Now I’m still undecided if daffodils have any place in a tulip festival, especially as there are white tulips. I’m also not so sure this year’s Labyrinth was as well delineated as the previous two all-red versions.
But one thing remained the same: the Labyrinth is still hard to shoot given there are no vantage points from which to get anything like a top shot looking down on the display.
Elsewhere in the walled Earl’s Garden, if I’m honest, things were a tad disappointing. That’s not to say there wasn’t an abundance of tulips in bloom— apparently, some 140 different varieties were planted. It was just having been spoiled the previous two years, I didn’t feel the displays were quite as eye-catching.
In particular, the wild meadow area that previously was a riot of massed varieties was left fallow this year (to prevent tulip fire aka botrytis blight) and, outside of the Earl’s Garden, where I was expecting carpets of naturalistic planting under the ancient cork tree and on the grass banks, there were surprisingly few tulips. In their place were lots of white daffodils.
I always think tulips look best when vibrant colours of different varieties are planted amongst each other.
This was the case in the so-called Bow Tie beds where a kaleidoscope of tropical colours contrasted superbly with the formal lines of the box hedging.
Beyond the Labyrinth, the most iconic shots are found outside the Earl’s Garden, in particular where red tulips are in bloom in front of the castle’s grey ramparts.
Right now, there’s no doubting Arundel Castle puts on the country’s biggest and best tulip festival. But as good as it was this year, this time round I felt it fell a little short.
Looking ahead, I’d like to see less of the same and more of the new. Take the Labyrinth: why not switch up the design and plant some different colours in a new pattern? What about a multicoloured display where one hue merges into another?
But the biggest creative opportunity surely lies outside the walls of the Earl’s Garden where there is a lot more space available. The expansive grass verges cry out for some intricate, large-scale floral designs. Having an annual theme might also help, as it would give a cohesion to the displays.
And, as I say every year, finding a way of labelling the tulips, either physically, with a leaflet or through an app would really enhance the visitor experience.

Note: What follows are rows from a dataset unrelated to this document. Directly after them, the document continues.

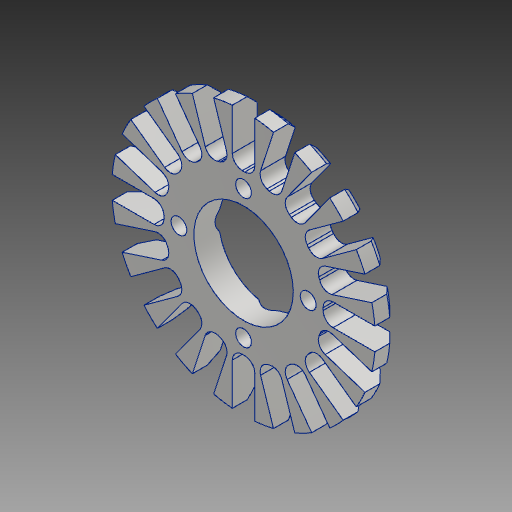
# Autodesk Inventor part: Raddeckel
Saved by Autodesk Inventor 2019.4 (Build 234330000, 330)
## iProperties
Part Number: Raddeckel
Material: Aluminium 6061
Document SubType Name: Modeling
Designer: rYan
Mass: 12.1113 g
Surface Area: 49.3887 cm^2
Volume: 4.48568 cm^3
Density: 2.7 g/cm^3
Appearance: Aluminium - flach
Author: rYan
Autodesk Inventor part; units mm, degrees
ref_plane "YZ Plane" through (0, 0, 0) normal (1, 0, 0) x (0, 1, 0)
ref_plane "XZ Plane" through (0, 0, 0) normal (0, 1, 0) x (-1, 0, 0)
ref_plane "XY Plane" through (0, 0, 0) normal (0, 0, 1) x (1, 0, 0)
sketch "Skizze1" plane through (0, 0, 0) normal (0, 0, 1) x (1, 0, 0)
  line L0 (0, 0) -> (0, 4)
  line L1 (10, 5) -> (24.5, 5)
  line L2 (24.5, 5) -> (26.5, 3)
  line L3 (26.5, 3) -> (26.5, 0)
  line L4 (26.5, 0) -> (10, 0)
  line L5 (10, 0) -> (10, 5)
  dimension "d0" = 5
  dimension "d1" = 20
  dimension "d2" = 53
  dimension "d3" = 45
  dimension "d4" = 3
  constraints: 12 end point, 3 perpendicular, 1 horizontal, 1 point on line, 1 vertical
  measures "d0" distance of L4.end L1.start
  measures "d1" diameter of L5 L0
  measures "d2" diameter of L3 L0
  measures "d3" angle of L2 L3
  measures "d4" distance of L2.end L3.end
revolve "Umdrehung1" add sketch "Skizze1" angle 360 about axis through (0, 0, 0) along (0, 1, 0)
sketch "Skizze2" plane through (0, 0, 0) normal (0, 1, 0) x (-1, 0, 0)
  circle A0 centre (0, 0) radius 16 construction
  circle A1 centre (0, 0) radius 26.5 projected
  line L0 (0, 0) -> (0, 26.5) construction
  line L1 (2.25, 26.5) -> (-2.25, 26.5)
  line L2 (-2.25, 26.5) -> (-2.25, 18)
  line L3 (-0.25, 16) -> (0.25, 16)
  line L4 (2.25, 18) -> (2.25, 26.5)
  arc A2 (0.25, 16) -> (2.25, 18) centre (0.25, 18) ccw
  arc A3 (-2.25, 18) -> (-0.25, 16) centre (-0.25, 18) ccw
  point P0 (-2.25, 16)
  point P1 (2.25, 16)
  dimension "d6" = 32
  dimension "d7" = 4.5
  dimension "d8" = 2
  constraints: 10 end point, 5 tangent, 4 point on circle, 4 point on line, 3 centre point, 2 parallel, 1 coincident, 1 equal radius, 1 horizontal, 1 midpoint, 1 perpendicular, 1 vertical, 1 vertical alignment, 2 other
  measures "d6" diameter of A0
  measures "d7" distance of point (-2.25, 16) point (2.25, 16)
  measures "d8" radius of A2
extrude "Extrusion1" cut sketch "Skizze2" along normal through all contours L4 A2 L3 A3 L2 A1 | A1 L1 L4 | L2 L1 A1 picked at (0, 20.8333)
pattern_circular "Runde Anordnung1" count 20 over 360 about axis through (0, -10, 0) along (0, 1, 0) of "Extrusion1"
sketch "Skizze3" plane through (-2.25, 5, 24.3965) normal (0, 1, 0) x (1, 0, 0)
  circle A0 centre (2.25, 24.3965) radius 13 construction
  line L0 (2.25, 37.3965) -> (2.25, 11.3965) construction
  line L1 (-10.75, 24.3965) -> (15.25, 24.3965) construction
  dimension "d14" = 26
  constraints: 5 coincident, 4 end point, 4 point on circle, 3 midpoint, 1 centre point, 1 perpendicular, 1 vertical
  measures "d14" diameter of A0
hole "Bohrung1" at (-13, 5, 0) at (0, 5, -13) at (13, 5, 0) at (0, 5, 13) direction (0, -1, 0) diameter 3.2 end through all countersink diameter 7.5 countersink angle 90
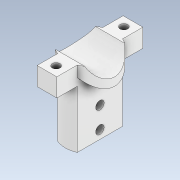
# Autodesk Inventor part: soporte_flauta_3
Saved by Autodesk Inventor 2022 (Build 260153000, 153)
## iProperties
Created: 2022-05-10
Part Number: soporte_flauta_3
Material: Generic
Document SubType Name: Modeling
Designer: ferna
Density: 1 g/cm^3
Appearance: Snow
Author: ferna
Autodesk Inventor part; units mm, degrees
ref_plane "YZ Plane" through (0, 0, 0) normal (1, 0, 0) x (0, 1, 0)
sketch "Sketch1" plane through (0, 0, 0) normal (0, 1, 0) x (-1, 0, 0)
  circle A0 centre (0, 0) radius 14
  circle A1 centre (0, 0) radius 11
  dimension "d0" = 28
  dimension "d1" = 22
  constraints: 2 centre point, 2 coincident
  measures "d0" diameter of A0
  measures "d1" diameter of A1
extrude "Extrusion1" add sketch "Sketch1" along normal blind 10
sketch "Sketch2" plane through (0, 10, 0) normal (0, 1, 0) x (1, 0, 0)
  circle A0 centre (0, 0) radius 17.5
  dimension "d4" = 35
  constraints: 1 centre point, 1 coincident
  measures "d4" diameter of A0
extrude "Extrusion2" add sketch "Sketch2" along normal blind 3
sketch "Sketch3" plane through (0, 0, 0) normal (1, 0, 0) x (0, 1, 0)
  line L0 (13, -17.5) -> (13, 17.5) projected
  line L1 (13, 0) -> (28, 0)
  circle A0 centre (28, 0) radius 15
  line L2 (28, -15) -> (28, -17.5)
  line L3 (28, -17.5) -> (13, -17.5)
  line L4 (13, -17.5) -> (13, 17.5)
  line L5 (13, 17.5) -> (28, 17.5)
  line L6 (10, 17.5) -> (13, 17.5) projected
  line L7 (28, 17.5) -> (28, 15)
  point P0 (0, 0)
  dimension "d7" = 15
  constraints: 12 end point, 3 point on circle, 2 collinear, 2 point on line, 1 centre point, 1 coincident, 1 horizontal, 1 midpoint, 1 perpendicular, 1 vertical
  measures "d7" distance of L1.start L1.end
extrude "Extrusion3" add sketch "Sketch3" along normal up to surface contours L0 A0 L2 L3 | L0 L5 L7 A0 round surface about axis through (0, 10, 0) along (0, 1, 0) radius 17.5 far side no
sketch "Sketch4" plane through (0, 0, 0) normal (-1, 0, 0) x (0, 0, 1)
  line L0 (-17.5, 28) -> (-15, 28) projected
  line L1 (-17.5, 13) -> (-17.5, 28) projected
  line L2 (0, 13) -> (-17.5, 13) projected
  arc A0 (-15, 28) -> (0, 13) centre (0, 28) ccw projected
  line L3 (17.5, 13) -> (0, 13) projected
  line L4 (17.5, 13) -> (17.5, 28) projected
  line L5 (15, 28) -> (17.5, 28) projected
  arc A1 (0, 13) -> (15, 28) centre (0, 28) ccw projected
  point P0 (0, 0)
extrude "Extrusion4" add sketch "Sketch4" along normal up to surface round surface about axis through (0, 10, 0) along (0, 1, 0) radius 17.5 far side no
sketch "Sketch5" plane through (0, 0, 0) normal (0, 0, 1) x (1, 0, 0)
  line L0 (-9.0139, 28) -> (9.0139, 28) projected
  line L1 (0, 28) -> (0, 25)
  line L2 (0, 25) -> (5, 25)
  line L3 (5, 25) -> (5, 23)
  line L4 (5, 23) -> (-5, 23)
  line L5 (-5, 23) -> (-5, 25)
  line L6 (-5, 25) -> (0, 25)
  point P0 (0, 0)
  dimension "d12" = 3
  dimension "d13" = 5
  dimension "d14" = 2
  dimension "d15" = 10
  constraints: 12 end point, 5 perpendicular, 1 midpoint, 1 point on line, 1 vertical
  measures "d12" distance of L1.start L1.end
  measures "d13" distance of L1.end L2.end
  measures "d14" distance of L2.end L3.end
  measures "d15" distance of L3.end L4.end
extrude "Extrusion5" cut sketch "Sketch5" along normal through all both and the other way through all
sketch "Sketch6" plane through (0, 10, 0) normal (0, -1, 0) x (1, 0, 0)
  circle A0 centre (0, 0) radius 14 projected
  circle A1 centre (0, 0) radius 14.5
  dimension "d18" = 29
  constraints: 1 centre point, 1 coincident
  measures "d18" diameter of A1
extrude "Extrusion6" add sketch "Sketch6" along normal up to surface (10 mm away)
ref_plane "Work Plane1" through (0, 25, 17.5) normal (0, 0, 1) x (1, 0, 0)
sketch "Sketch7" plane through (0, 25, 17.5) normal (0, 0, 1) x (1, 0, 0)
  line L0 (5, -2) -> (-5, -2) projected
  line L1 (5, -2) -> (13.7117, -2)
  line L2 (13.7117, -2) -> (0, 13.5732)
  line L3 (0, 13.5732) -> (-17.6873, -2)
  line L4 (-17.6873, -2) -> (5, -2)
  point P0 (0, -25)
  constraints: 8 end point, 1 collinear, 1 horizontal, 1 perpendicular, 1 point on line
extrude "Extrusion7" cut sketch "Sketch7" against normal through all
sketch "Sketch8" plane through (0, 25, 17.5) normal (0, 0, 1) x (1, 0, 0)
  line L0 (-10.3078, -2) -> (10.3078, -2) projected
  line L1 (-10.3078, -2) -> (10.3078, -2) projected
  line L2 (17.5, -12) -> (-17.5, -12) projected
  line L3 (-10.3078, -2) -> (10.3078, -2)
  line L4 (10.3078, -2) -> (10.3078, -12)
  line L5 (10.3078, -12) -> (-10.3078, -12)
  line L6 (-10.3078, -12) -> (-10.3078, -2)
  line L7 (17.5, -12) -> (-17.5, -12)
  line L8 (-17.5, -12) -> (-17.5, -2)
  line L9 (-17.5, -2) -> (17.5, -2)
  line L10 (17.5, -2) -> (17.5, -12)
  line L11 (-11, -15) -> (11, -15) projected
  line L12 (-10.3078, -12) -> (10.3078, -12)
  line L13 (10.3078, -12) -> (10.3078, -15)
  line L14 (10.3078, -15) -> (-10.3078, -15)
  line L15 (-10.3078, -15) -> (-10.3078, -12)
  point P0 (0, -25)
  constraints: 24 end point, 6 parallel, 3 horizontal, 3 perpendicular, 3 point on line
extrude "Extrusion8" add sketch "Sketch8" along normal up to surface contours L0 L4 L2 L6 | L2 L13 L11 L15 round surface about axis through (0, 10, 0) along (0, 1, 0) radius 17.5 far side no
sketch "Sketch9" plane through (0, 25, 17.5) normal (0, 0, 1) x (1, 0, 0)
  line L0 (10.3078, -2) -> (-10.3078, -2) projected
  line L1 (-10.3078, -2) -> (-10.3078, -15) projected
  line L2 (-10.3078, -15) -> (10.3078, -15) projected
  line L3 (10.3078, -15) -> (10.3078, -2) projected
  point P0 (0, -25)
extrude "Extrusion9" add sketch "Sketch9" along normal blind 13
ref_plane "Work Plane2" through (0, 10, -17.5) normal (0, 0, 1) x (1, 0, 0)
sketch "Sketch12" plane through (0, 10, -17.5) normal (0, 0, 1) x (1, 0, 0)
  line L0 (-10.3078, 13) -> (-10.3078, 0) projected
  line L1 (10.3078, 13) -> (-10.3078, 13) projected
  line L2 (-10.3078, 0) -> (10.3078, 0) projected
  line L3 (10.3078, 0) -> (10.3078, 13) projected
  point P0 (0, -10)
extrude "Extrusion12" add sketch "Sketch12" along normal up to surface round surface about axis through (0, 10, 0) along (0, 1, 0) radius 17.5 far side no
sketch "Sketch13" plane through (0, 10, -17.5) normal (0, 0, -1) x (-1, 0, 0)
  line L0 (-10.3078, 13) -> (10.3078, 13) projected
  line L1 (10.3078, 13) -> (10.3078, 0) projected
  line L2 (-10.3078, 0) -> (-10.3078, 13) projected
  line L3 (10.3078, 0) -> (-10.3078, 0) projected
  point P0 (0, -10)
extrude "Extrusion13" add sketch "Sketch13" along normal blind 13
sketch "Sketch17" plane through (0, 10, 0) normal (0, -1, 0) x (1, 0, 0)
  circle A0 centre (0, 0) radius 17.5
  line L0 (0, -17.5) -> (0, -30.5)
  line L1 (-10.3078, -30.5) -> (10.3078, -30.5)
  line L2 (-4.9075, 24) -> (-2.4537, 28.25)
  line L3 (-2.4537, 19.75) -> (-4.9075, 24)
  line L4 (2.4537, 19.75) -> (-2.4537, 19.75)
  line L5 (4.9075, 24) -> (2.4537, 19.75)
  line L6 (2.4537, 28.25) -> (4.9075, 24)
  line L7 (-2.4537, 28.25) -> (2.4537, 28.25)
  circle A1 centre (0, 24) radius 2.75
  line L8 (-4.9075, -24) -> (-2.4537, -19.75)
  line L9 (-2.4537, -28.25) -> (-4.9075, -24)
  line L10 (2.4537, -28.25) -> (-2.4537, -28.25)
  line L11 (4.9075, -24) -> (2.4537, -28.25)
  line L12 (2.4537, -19.75) -> (4.9075, -24)
  line L13 (-2.4537, -19.75) -> (2.4537, -19.75)
  circle A2 centre (0, -24) radius 2.75
  constraints: 28 end point, 2 centre point, 2 midpoint, 1 vertical alignment, 2 other
extrude "Extrusion16" cut sketch "Sketch17" against normal blind 2.8 contours L13 L12 L11 L10 L0 A2 | L0 A2 L10 L9 L8 L13 | L2 L7 L6 L5 L4 L3
sketch "Sketch18" plane through (0, 10, 0) normal (0, -1, 0) x (1, 0, 0)
  circle A0 centre (0, -24) radius 2.75 projected
  circle A1 centre (0, 24) radius 2.75 projected
  point P0 (0, 0)
extrude "Extrusion17" cut sketch "Sketch18" against normal through all
sketch "Sketch20" plane through (0, 0, 0) normal (0, -1, 0) x (1, 0, 0)
  circle A0 centre (0, 0) radius 14.5 projected
  circle A1 centre (0, 0) radius 11 projected
extrude "Extrusion18" add sketch "Sketch20" along normal blind 25
sketch "Sketch21" plane through (0, 10, 0) normal (0, -1, 0) x (1, 0, 0)
  arc A0 (-10.3078, 14.1421) -> (-10.3078, -14.1421) centre (0, 0) ccw projected
  circle A1 centre (0, 0) radius 11 projected
  circle A2 centre (0, 0) radius 17.5
  constraints: 1 centre point, 1 coincident
extrude "Extrusion19" add sketch "Sketch21" along normal blind 25
sketch "Sketch22" plane through (0, -25, 0) normal (0, -1, 0) x (1, 0, 0)
  circle A0 centre (0, 0) radius 12.8622
  constraints: 1 centre point, 1 coincident
extrude "Extrusion20" add sketch "Sketch22" against normal up to surface (35 mm away)
sketch "Sketch23" plane through (-10.3078, 23, 14.1421) normal (0, 1, 0) x (1, 0, 0)
  spline S0 degree 2 poles (-7.1922, 14.1421) (-7.1922, 5.2422) (0, 0) knots 0 0 0 1 1 1 weights 1 0.891352 1 projected
  spline S1 degree 2 poles (20.6155, 0) (27.8078, 5.2422) (27.8078, 14.1421) knots 0 0 0 1 1 1 weights 1 0.891352 1 projected
  circle A0 centre (10.3078, 14.1421) radius 17.5
  circle A1 centre (10.3078, 14.1421) radius 17.5 projected
  line L0 (10.3078, -3.3579) -> (3.3078, -3.3579)
  line L1 (3.3078, -3.3579) -> (3.3078, -18.248)
  line L2 (3.3078, -18.248) -> (-2.6812, -18.248)
  line L3 (-2.6812, -18.248) -> (-3.6117, 3.5357)
  line L4 (10.3078, -3.3579) -> (17.3078, -3.3579)
  line L5 (17.3078, -3.3579) -> (17.3078, -20.4363)
  line L6 (17.3078, -20.4363) -> (24.6729, -20.4363)
  line L7 (24.6729, -20.4363) -> (26.7802, 8.2336)
  arc A2 (20.6155, 28.2843) -> (0, 28.2843) centre (10.3078, 14.1421) ccw projected
  line L8 (10.3078, 31.6421) -> (17.3078, 31.6421)
  line L9 (17.3078, 31.6421) -> (17.3078, 48.9932)
  line L10 (17.3078, 48.9932) -> (24.6729, 48.9932)
  line L11 (24.6729, 48.9932) -> (24.6729, 24.1368)
  line L12 (10.3078, 31.6421) -> (3.3078, 31.6421)
  line L13 (3.3078, 31.6421) -> (3.3078, 53.0714)
  line L14 (3.3078, 53.0714) -> (-6.5605, 50.7837)
  line L15 (-6.5605, 50.7837) -> (-6.5605, 18.8019)
  line L16 (3.3078, -3.3579) -> (3.3078, -1.8969)
  line L17 (17.3078, -3.3579) -> (17.3078, -1.8969)
  line L18 (17.3078, 31.6421) -> (17.3078, 30.1812)
  line L19 (3.3078, 31.6421) -> (3.3078, 30.1812)
  point P0 (24.6729, 24.1368)
  point P1 (21.5813, 0.7572)
  point P2 (-0.9658, 0.7572)
  point P3 (-6.5605, 18.8019)
  point P4 (3.3078, 30.1812)
  dimension "d49" = 7
  dimension "d50" = 7
  dimension "d51" = 7
  dimension "d52" = 7
  constraints: 40 end point, 8 point on line, 6 perpendicular, 2 horizontal, 1 centre point, 1 coincident, 1 parallel, 1 point on circle, 1 tangent, 1 vertical, 14 other
  measures "d49" distance of L0.start L0.end
  measures "d50" distance of L0.start L4.end
  measures "d51" distance of L8.start L8.end
  measures "d52" distance of L8.start L12.end
extrude "Extrusion21" cut sketch "Sketch23" against normal through all contours S0 A0 L16 L1 L2 L3 | L15 L14 L13 L19 A0 | A0 S1 L7 L6 L5 L17 | L18 L9 L10 L11 A0
sketch "Sketch24" plane through (-7, 23, 16.039) normal (-1, 0, 0) x (0, 0, 1)
  circle A0 centre (-16.039, 0) radius 20
  line L0 (1.2815, -10) -> (7.3036, -55.1976)
  line L1 (7.3036, -55.1976) -> (-44.2958, -55.1976)
  line L2 (0, 0) -> (0, -13) projected
  line L3 (-44.2958, -55.1976) -> (-33.3595, -10)
  point P0 (-16.039, -23)
  point P1 (-20.6988, -9.2579)
  point P2 (-30.1812, 0)
  dimension "d55" = 40
  constraints: 6 end point, 2 point on circle, 1 centre point, 1 perpendicular
  measures "d55" diameter of A0
extrude "Extrusion22" cut sketch "Sketch24" along normal through all contours A0 L0 L1 L3
sketch "Sketch25" plane through (7, 23, -16.039) normal (1, 0, 0) x (0, 0, -1)
  circle A0 centre (-16.039, 0) radius 20
  line L0 (1.8461, -8.9512) -> (11.5805, -53.3288)
  line L1 (11.5805, -53.3288) -> (-49.8297, -54.5329)
  line L2 (-49.8297, -54.5329) -> (-33.9241, -8.9512)
  point P0 (-16.039, -23)
  point P1 (-16.039, -10)
  point P2 (-30.1812, 0)
  constraints: 6 end point, 2 point on circle, 1 centre point
extrude "Extrusion23" cut sketch "Sketch25" along normal through all contours A0 L0 L1 L2
sketch "Sketch26" plane through (7, 23, 30.5) normal (1, 0, 0) x (0, 0, -1)
  arc A0 (14.461, -11.9478) -> (46.539, -11.9478) centre (30.5, 0) ccw projected
  line L0 (30.5, -20) -> (30.5, -32.671)
  line L1 (30.5, -32.671) -> (30.5, -47.671)
  circle A1 centre (30.5, -32.671) radius 3
  circle A2 centre (30.5, -47.671) radius 3
  point P0 (30.5, -23)
  dimension "d60" = 12.671
  dimension "d61" = 15
  dimension "d62" = 6
  dimension "d63" = 6
  constraints: 4 end point, 2 centre point, 2 coincident, 1 point on circle, 1 point on line, 1 vertical
  measures "d60" distance of L0.start L0.end
  measures "d61" distance of L0.end L1.end
  measures "d62" diameter of A1
  measures "d63" diameter of A2
sketch "Sketch27" plane through (0, -25, 0) normal (0, -1, 0) x (1, 0, 0)
  line L0 (7, -16.039) -> (7, -12.6984) projected
  arc A0 (-7, -12.6984) -> (7, -12.6984) centre (0, 0) ccw projected
  line L1 (-7, -12.6984) -> (-7, -16.039) projected
  arc A1 (-7, -16.039) -> (7, -16.039) centre (0, 0) ccw projected
  line L2 (7, 12.6984) -> (7, 16.039) projected
  arc A2 (7, 16.039) -> (-7, 16.039) centre (0, 0) ccw projected
  line L3 (-7, 16.039) -> (-7, 12.6984) projected
  arc A3 (7, 12.6984) -> (-7, 12.6984) centre (0, 0) ccw projected
extrude "Extrusion24" add sketch "Sketch27" against normal up to surface (10 mm away)
sketch "Sketch28" plane through (0, -25, 0) normal (0, -1, 0) x (1, 0, 0)
  line L0 (7, -16.039) -> (7, 16.039) projected
  arc A0 (7, 16.039) -> (-7, 16.039) centre (0, 0) ccw projected
  line L1 (-7, 16.039) -> (-7, -16.039) projected
  arc A1 (-7, -16.039) -> (7, -16.039) centre (0, 0) ccw projected
extrude "Extrusion25" add sketch "Sketch28" along normal blind 10
extrude "Extrusion26" cut sketch "Sketch26" against normal through all
sketch "Sketch29" plane through (7, 23, 30.5) normal (1, 0, 0) x (0, 0, -1)
  circle A0 centre (30.5, 4.2388) radius 20
  line L0 (13, -5.4437) -> (10.5, -23)
  line L1 (10.5, -23) -> (57.7388, -23)
  line L2 (57.7388, -23) -> (48, -5.4437)
  line L3 (46.539, 0) -> (44.6421, 0) projected
  point P0 (30.5, -23)
  point P1 (30.5, 0)
  dimension "d70" = 40
  constraints: 6 end point, 2 horizontal alignment, 2 point on circle, 1 centre point, 1 horizontal, 2 other
  measures "d70" diameter of A0
extrude "Extrusion27" cut sketch "Sketch29" along normal through all contours A0 L2 L1 L0
sketch "Sketch30" plane through (-7, 23, -30.5) normal (-1, 0, 0) x (0, 0, 1)
  spline S0 degree 2 poles (46.539, -7.709) (30.5, -29.2402) (14.461, -7.709) knots 0 0 0 1 1 1 weights 1 0.59739 1 projected
  line L0 (14.461, -7.709) -> (5.7951, -19.3277)
  line L1 (5.7951, -19.3277) -> (57.7388, -24.3954)
  line L2 (46.539, 0) -> (46.539, -7.709) projected
  line L3 (57.7388, -24.3954) -> (46.539, -7.709)
  point P0 (30.5, -23)
  constraints: 6 end point, 1 horizontal alignment
extrude "Extrusion28" cut sketch "Sketch30" along normal through all
sketch "Sketch31" plane through (0, -35, 0) normal (0, -1, 0) x (1, 0, 0)
  arc A0 (7, 16.039) -> (-7, 16.039) centre (0, 0) ccw projected
  line L0 (-7, 16.039) -> (-7, -16.039) projected
  arc A1 (-7, -16.039) -> (7, -16.039) centre (0, 0) ccw projected
  line L1 (7, -16.039) -> (7, 16.039) projected
extrude "Extrusion29" cut sketch "Sketch31" against normal blind 4.329
body "Solid1"

Instead of just admiring the blooms, you could be informed about what variety you were looking at. If there are 140 to see, you could mark them off as you saw them.
Last, but not least, the hard work put into the festival surely deserves way better promotion than it gets. Why there is no proper marketing for it, or even a dedicated section in the castle’s website, remains a mystery.
That’s not to say the garden team lack ambition, as work is underway on a brand new water garden feature at the opposite end of the castle grounds. It’s due to open in 2020. Judging by how what was once the staff car park was transformed into the stunning Earl’s Garden, one can anticipate it too being something pretty special.
I just hope next year’s tulip festival also breaks new ground.
Behind the image: All these images were shot handheld with the Olympus OM-D E-M1 using the 75mm 1.8 lens. My two biggest challenges were the sun — I much prefer shooting flowers when there’s sun, but during my visit, the sunshine was abnormally bright for the time of year. What’s more, being a warm bank holiday, the castle gardens were packed, making it hard to get shots without people in them or their shadows being cast over the scene. Despite the challenges I have to say I’m really pleased with the compositions I got. Creatively, I was keen to come away with a dozen or so eye-catching shots that were different from the previous three years. Specifically, my eye was drawn to composititions with a graphic feel: an interesting angle or pleasing shape. Overall, I think I succeeded, although finding those differences took some doing. Shot in Arundel on 19 April 2019.